==== SUPPLIED MATERIAL

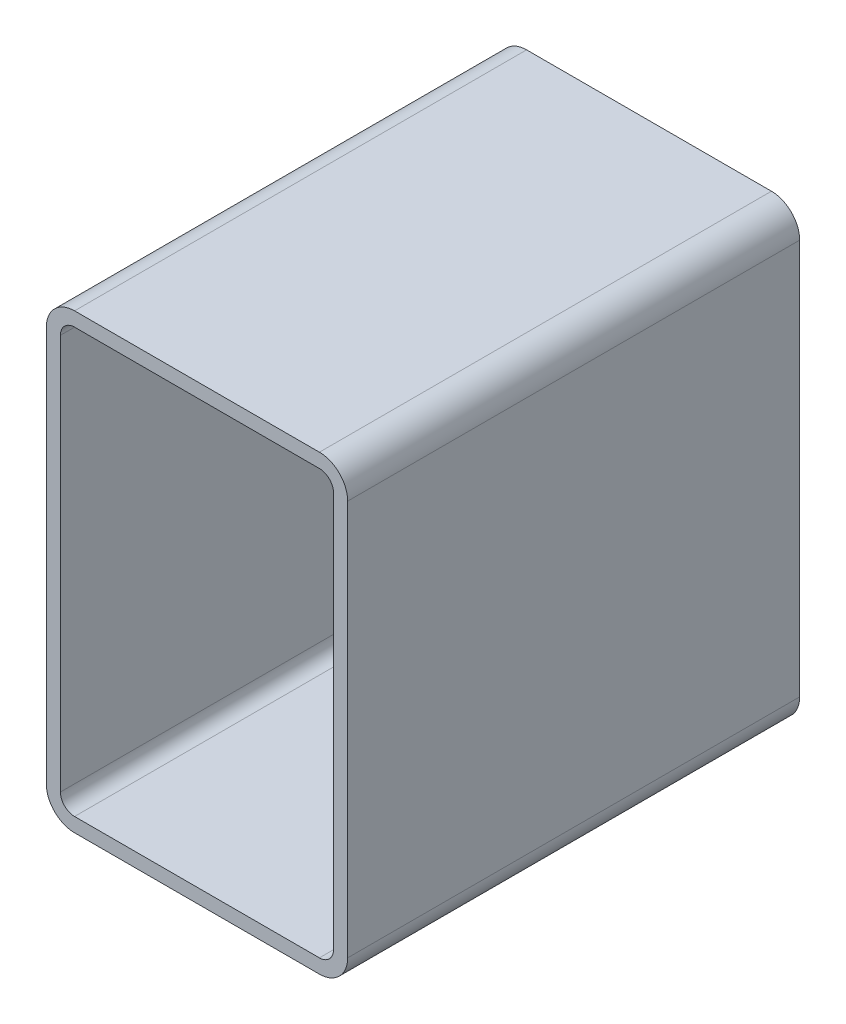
ISO-10303-21;
HEADER;
FILE_DESCRIPTION(('STEP AP214'),'2;1');
FILE_NAME('part.step','',(''),(''),'','','');
FILE_SCHEMA(('AUTOMOTIVE_DESIGN { 1 0 10303 214 1 1 1 1 }'));
ENDSEC;
DATA;
#1=APPLICATION_CONTEXT('core data for automotive mechanical design processes');
#2=APPLICATION_PROTOCOL_DEFINITION('international standard','automotive_design',2000,#1);
#3=PRODUCT_CONTEXT('',#1,'mechanical');
#4=PRODUCT('Part','Part','',(#3));
#5=PRODUCT_RELATED_PRODUCT_CATEGORY('part','',(#4));
#6=PRODUCT_DEFINITION_FORMATION('','',#4);
#7=PRODUCT_DEFINITION_CONTEXT('part definition',#1,'design');
#8=PRODUCT_DEFINITION('design','',#6,#7);
#9=PRODUCT_DEFINITION_SHAPE('','',#8);
#10=(LENGTH_UNIT() NAMED_UNIT(*) SI_UNIT(.MILLI.,.METRE.));
#11=(NAMED_UNIT(*) PLANE_ANGLE_UNIT() SI_UNIT($,.RADIAN.));
#12=(NAMED_UNIT(*) SI_UNIT($,.STERADIAN.) SOLID_ANGLE_UNIT());
#13=UNCERTAINTY_MEASURE_WITH_UNIT(LENGTH_MEASURE(1.E-05),#10,'distance_accuracy_value','');
#14=(GEOMETRIC_REPRESENTATION_CONTEXT(3) GLOBAL_UNCERTAINTY_ASSIGNED_CONTEXT((#13)) GLOBAL_UNIT_ASSIGNED_CONTEXT((#10,
#11,#12)) REPRESENTATION_CONTEXT('',''));
#15=CARTESIAN_POINT('',(0.,0.,0.));
#16=DIRECTION('',(0.,0.,1.));
#17=DIRECTION('',(1.,0.,0.));
#18=AXIS2_PLACEMENT_3D('',#15,#16,#17);
#19=CARTESIAN_POINT('',(20.4409404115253,287.624496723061,304.8));
#20=DIRECTION('',(0.,0.,1.));
#21=DIRECTION('',(1.,0.,0.));
#22=AXIS2_PLACEMENT_3D('',#19,#20,#21);
#23=PLANE('',#22);
#24=CARTESIAN_POINT('',(20.4409404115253,287.624496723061,304.8));
#25=DIRECTION('',(0.,0.,1.));
#26=DIRECTION('',(1.,0.,0.));
#27=AXIS2_PLACEMENT_3D('',#24,#25,#26);
#28=CIRCLE('',#27,19.05);
#29=CARTESIAN_POINT('',(20.4409404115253,306.674496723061,304.8));
#30=VERTEX_POINT('',#29);
#31=CARTESIAN_POINT('',(1.3909404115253,287.624496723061,304.8));
#32=VERTEX_POINT('',#31);
#33=EDGE_CURVE('E211',#30,#32,#28,.T.);
#34=ORIENTED_EDGE('',*,*,#33,.T.);
#35=DIRECTION('',(0.,-1.,0.));
#36=VECTOR('',#35,1.);
#37=CARTESIAN_POINT('',(1.3909404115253,20.9244967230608,304.8));
#38=LINE('',#37,#36);
#39=CARTESIAN_POINT('',(1.39094041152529,20.9244967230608,304.8));
#40=VERTEX_POINT('',#39);
#41=EDGE_CURVE('E214',#32,#40,#38,.T.);
#42=ORIENTED_EDGE('',*,*,#41,.T.);
#43=CARTESIAN_POINT('',(20.4409404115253,20.9244967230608,304.8));
#44=DIRECTION('',(0.,0.,1.));
#45=DIRECTION('',(1.,0.,0.));
#46=AXIS2_PLACEMENT_3D('',#43,#44,#45);
#47=CIRCLE('',#46,19.05);
#48=CARTESIAN_POINT('',(20.4409404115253,1.87449672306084,304.8));
#49=VERTEX_POINT('',#48);
#50=EDGE_CURVE('E217',#40,#49,#47,.T.);
#51=ORIENTED_EDGE('',*,*,#50,.T.);
#52=DIRECTION('',(1.,0.,0.));
#53=VECTOR('',#52,1.);
#54=CARTESIAN_POINT('',(185.540940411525,1.87449672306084,304.8));
#55=LINE('',#54,#53);
#56=CARTESIAN_POINT('',(185.540940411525,1.87449672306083,304.8));
#57=VERTEX_POINT('',#56);
#58=EDGE_CURVE('E219',#49,#57,#55,.T.);
#59=ORIENTED_EDGE('',*,*,#58,.T.);
#60=CARTESIAN_POINT('',(185.540940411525,20.9244967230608,304.8));
#61=DIRECTION('',(0.,0.,1.));
#62=DIRECTION('',(1.,0.,0.));
#63=AXIS2_PLACEMENT_3D('',#60,#61,#62);
#64=CIRCLE('',#63,19.05);
#65=CARTESIAN_POINT('',(204.590940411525,20.9244967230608,304.8));
#66=VERTEX_POINT('',#65);
#67=EDGE_CURVE('E221',#57,#66,#64,.T.);
#68=ORIENTED_EDGE('',*,*,#67,.T.);
#69=DIRECTION('',(0.,1.,0.));
#70=VECTOR('',#69,1.);
#71=CARTESIAN_POINT('',(204.590940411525,287.624496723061,304.8));
#72=LINE('',#71,#70);
#73=CARTESIAN_POINT('',(204.590940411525,287.624496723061,304.8));
#74=VERTEX_POINT('',#73);
#75=EDGE_CURVE('E223',#66,#74,#72,.T.);
#76=ORIENTED_EDGE('',*,*,#75,.T.);
#77=CARTESIAN_POINT('',(185.540940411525,287.624496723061,304.8));
#78=DIRECTION('',(0.,0.,1.));
#79=DIRECTION('',(1.,0.,0.));
#80=AXIS2_PLACEMENT_3D('',#77,#78,#79);
#81=CIRCLE('',#80,19.05);
#82=CARTESIAN_POINT('',(185.540940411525,306.674496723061,304.8));
#83=VERTEX_POINT('',#82);
#84=EDGE_CURVE('E225',#74,#83,#81,.T.);
#85=ORIENTED_EDGE('',*,*,#84,.T.);
#86=DIRECTION('',(-1.,0.,0.));
#87=VECTOR('',#86,1.);
#88=CARTESIAN_POINT('',(20.4409404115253,306.674496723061,304.8));
#89=LINE('',#88,#87);
#90=EDGE_CURVE('E227',#83,#30,#89,.T.);
#91=ORIENTED_EDGE('',*,*,#90,.T.);
#92=EDGE_LOOP('',(#34,#42,#51,#59,#68,#76,#85,#91));
#93=FACE_BOUND('',#92,.T.);
#94=DIRECTION('',(0.,-1.,0.));
#95=VECTOR('',#94,1.);
#96=CARTESIAN_POINT('',(10.9159404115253,20.9244967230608,304.8));
#97=LINE('',#96,#95);
#98=CARTESIAN_POINT('',(10.9159404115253,287.624496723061,304.8));
#99=VERTEX_POINT('',#98);
#100=CARTESIAN_POINT('',(10.9159404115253,20.9244967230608,304.8));
#101=VERTEX_POINT('',#100);
#102=EDGE_CURVE('E154',#99,#101,#97,.T.);
#103=ORIENTED_EDGE('',*,*,#102,.F.);
#104=CARTESIAN_POINT('',(20.4409404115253,287.624496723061,304.8));
#105=DIRECTION('',(0.,0.,1.));
#106=DIRECTION('',(1.,0.,0.));
#107=AXIS2_PLACEMENT_3D('',#104,#105,#106);
#108=CIRCLE('',#107,9.52500000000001);
#109=CARTESIAN_POINT('',(20.4409404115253,297.149496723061,304.8));
#110=VERTEX_POINT('',#109);
#111=EDGE_CURVE('E146',#110,#99,#108,.T.);
#112=ORIENTED_EDGE('',*,*,#111,.F.);
#113=DIRECTION('',(-1.,0.,0.));
#114=VECTOR('',#113,1.);
#115=CARTESIAN_POINT('',(20.4409404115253,297.149496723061,304.8));
#116=LINE('',#115,#114);
#117=CARTESIAN_POINT('',(185.540940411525,297.149496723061,304.8));
#118=VERTEX_POINT('',#117);
#119=EDGE_CURVE('E179',#118,#110,#116,.T.);
#120=ORIENTED_EDGE('',*,*,#119,.F.);
#121=CARTESIAN_POINT('',(185.540940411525,287.624496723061,304.8));
#122=DIRECTION('',(0.,0.,1.));
#123=DIRECTION('',(1.,0.,0.));
#124=AXIS2_PLACEMENT_3D('',#121,#122,#123);
#125=CIRCLE('',#124,9.52500000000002);
#126=CARTESIAN_POINT('',(195.065940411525,287.624496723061,304.8));
#127=VERTEX_POINT('',#126);
#128=EDGE_CURVE('E177',#127,#118,#125,.T.);
#129=ORIENTED_EDGE('',*,*,#128,.F.);
#130=DIRECTION('',(0.,1.,0.));
#131=VECTOR('',#130,1.);
#132=CARTESIAN_POINT('',(195.065940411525,287.624496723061,304.8));
#133=LINE('',#132,#131);
#134=CARTESIAN_POINT('',(195.065940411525,20.9244967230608,304.8));
#135=VERTEX_POINT('',#134);
#136=EDGE_CURVE('E175',#135,#127,#133,.T.);
#137=ORIENTED_EDGE('',*,*,#136,.F.);
#138=CARTESIAN_POINT('',(185.540940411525,20.9244967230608,304.8));
#139=DIRECTION('',(0.,0.,1.));
#140=DIRECTION('',(1.,0.,0.));
#141=AXIS2_PLACEMENT_3D('',#138,#139,#140);
#142=CIRCLE('',#141,9.52500000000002);
#143=CARTESIAN_POINT('',(185.540940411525,11.3994967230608,304.8));
#144=VERTEX_POINT('',#143);
#145=EDGE_CURVE('E173',#144,#135,#142,.T.);
#146=ORIENTED_EDGE('',*,*,#145,.F.);
#147=DIRECTION('',(1.,0.,0.));
#148=VECTOR('',#147,1.);
#149=CARTESIAN_POINT('',(185.540940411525,11.3994967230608,304.8));
#150=LINE('',#149,#148);
#151=CARTESIAN_POINT('',(20.4409404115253,11.3994967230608,304.8));
#152=VERTEX_POINT('',#151);
#153=EDGE_CURVE('E169',#152,#144,#150,.T.);
#154=ORIENTED_EDGE('',*,*,#153,.F.);
#155=CARTESIAN_POINT('',(20.4409404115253,20.9244967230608,304.8));
#156=DIRECTION('',(0.,0.,1.));
#157=DIRECTION('',(1.,0.,0.));
#158=AXIS2_PLACEMENT_3D('',#155,#156,#157);
#159=CIRCLE('',#158,9.525);
#160=EDGE_CURVE('E167',#101,#152,#159,.T.);
#161=ORIENTED_EDGE('',*,*,#160,.F.);
#162=EDGE_LOOP('',(#103,#112,#120,#129,#137,#146,#154,#161));
#163=FACE_BOUND('',#162,.T.);
#164=ADVANCED_FACE('F33',(#93,#163),#23,.T.);
#165=CARTESIAN_POINT('',(20.4409404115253,287.624496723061,0.));
#166=DIRECTION('',(0.,0.,1.));
#167=DIRECTION('',(1.,0.,0.));
#168=AXIS2_PLACEMENT_3D('',#165,#166,#167);
#169=PLANE('',#168);
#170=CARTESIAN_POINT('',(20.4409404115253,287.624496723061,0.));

========

• [EXERCISE DESCRIPTION]
Your reply should be the lines from the one that contains "#153=EDGE_CURVE('E169',#152,#144,#150,.T.);" through the end of the listing above, repeated exactly.

• [SOLUTION BELOW]
#153=EDGE_CURVE('E169',#152,#144,#150,.T.);
#154=ORIENTED_EDGE('',*,*,#153,.F.);
#155=CARTESIAN_POINT('',(20.4409404115253,20.9244967230608,304.8));
#156=DIRECTION('',(0.,0.,1.));
#157=DIRECTION('',(1.,0.,0.));
#158=AXIS2_PLACEMENT_3D('',#155,#156,#157);
#159=CIRCLE('',#158,9.525);
#160=EDGE_CURVE('E167',#101,#152,#159,.T.);
#161=ORIENTED_EDGE('',*,*,#160,.F.);
#162=EDGE_LOOP('',(#103,#112,#120,#129,#137,#146,#154,#161));
#163=FACE_BOUND('',#162,.T.);
#164=ADVANCED_FACE('F33',(#93,#163),#23,.T.);
#165=CARTESIAN_POINT('',(20.4409404115253,287.624496723061,0.));
#166=DIRECTION('',(0.,0.,1.));
#167=DIRECTION('',(1.,0.,0.));
#168=AXIS2_PLACEMENT_3D('',#165,#166,#167);
#169=PLANE('',#168);
#170=CARTESIAN_POINT('',(20.4409404115253,287.624496723061,0.));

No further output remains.